In the records that follow, find each line with the word "normal" and copy it.

- **THE DATA**
>>>
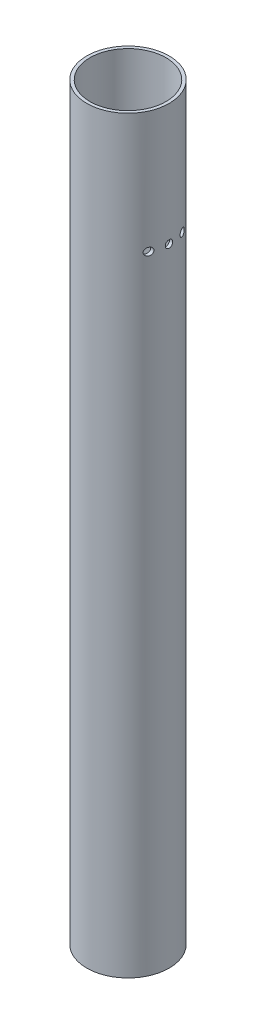
SolidWorks part; units mm, degrees
ref_plane "Front Plane" through (0, 0, 0) normal (0, 0, 1) x (1, 0, 0)
ref_plane "Top Plane" through (0, 0, 0) normal (0, 1, 0) x (1, 0, 0)
ref_plane "Right Plane" through (0, 0, 0) normal (1, 0, 0) x (0, 0, -1)
sketch "Sketch1" plane through (0, 0, 0) normal (0, 1, 0) x (1, 0, 0)
  line L0 (0, 48.6) -> (0, 55)
  circle A0 centre (0, 0) radius 55
  circle A1 centre (0, 0) radius 48.6
  dimension "D1" = 110
  dimension "D2" = 6.4
extrude "Boss-Extrude1" add sketch "Sketch1" along normal mid plane 1000
sketch "Sketch2" plane through (0, 0, 0) normal (0, 1, 0) x (1, 0, 0)
  line L0 (-37.8535, 22.5) -> (37.8535, 22.5)
  line L1 (-37.8535, -30) -> (37.8535, -30)
  line L2 (-37.8535, -30) -> (-37.8535, 30)
  line L3 (-37.8535, 30) -> (37.8535, 30)
  line L4 (37.8535, -30) -> (37.8535, 30)
  line L5 (-37.8535, -30) -> (37.8535, 30) construction
  line L6 (-37.8535, 30) -> (37.8535, -30) construction
  line L7 (-37.8535, 17.5) -> (37.8535, 17.5)
  line L8 (-37.8535, 27.5) -> (37.8535, 27.5)
  line L9 (-37.8535, 0) -> (37.8535, 0) construction
  line L10 (-37.8535, -27.5) -> (37.8535, -27.5)
  line L11 (-37.8535, -22.5) -> (37.8535, -22.5)
  line L12 (-37.8535, -17.5) -> (37.8535, -17.5)
  line L13 (-37.8535, -5) -> (37.8535, -5)
  line L14 (-37.8535, 5) -> (37.8535, 5)
  circle A0 centre (0, 0) radius 48.6 construction
  circle A1 centre (0, 0) radius 48.6 construction
  circle A2 centre (0, 0) radius 48.3
  circle A3 centre (0, 0) radius 15
  point P25 (-37.8535, 22.5)
  point P26 (-37.8535, -22.5)
  point P31 (-37.8535, 0)
  dimension "D3" = 2.5
  dimension "D6" = 30
  dimension "D2" = 60
  dimension "D1" = 0.3
  dimension "D4" = 5
  dimension "D5" = 5
  dimension "D7" = 5
  dimension "D8" = 5
sketch "Sketch3" plane through (0, 0, 0) normal (1, 0, 0) x (0, 0, -1)
  line L0 (0, 337.5) -> (0, 500) construction
  line L1 (48.6, 500) -> (-48.6, 500) construction
  line L2 (48.6, 500) -> (-48.6, 500) construction
  circle A0 centre (0, 337.5) radius 5
  circle A1 centre (22.5, 337.5) radius 5
  circle A2 centre (-22.5, 337.5) radius 5
extrude "Cut-Extrude1" cut sketch "Sketch3" against normal through all both and the other way through all
sketch "Sketch4" plane through (0, 500, 0) normal (0, 1, 0) x (1, 0, 0)
  circle A0 centre (0, 0) radius 50.8
  dimension "D1" = 101.6
extrude "Cut-Extrude2" cut sketch "Sketch4" against normal through all both and the other way through all
<<<
- **WRITTEN SOLUTION**
ref_plane "Front Plane" through (0, 0, 0) normal (0, 0, 1) x (1, 0, 0)
ref_plane "Top Plane" through (0, 0, 0) normal (0, 1, 0) x (1, 0, 0)
ref_plane "Right Plane" through (0, 0, 0) normal (1, 0, 0) x (0, 0, -1)
sketch "Sketch1" plane through (0, 0, 0) normal (0, 1, 0) x (1, 0, 0)
extrude "Boss-Extrude1" add sketch "Sketch1" along normal mid plane 1000
sketch "Sketch2" plane through (0, 0, 0) normal (0, 1, 0) x (1, 0, 0)
sketch "Sketch3" plane through (0, 0, 0) normal (1, 0, 0) x (0, 0, -1)
extrude "Cut-Extrude1" cut sketch "Sketch3" against normal through all both and the other way through all
sketch "Sketch4" plane through (0, 500, 0) normal (0, 1, 0) x (1, 0, 0)
extrude "Cut-Extrude2" cut sketch "Sketch4" against normal through all both and the other way through all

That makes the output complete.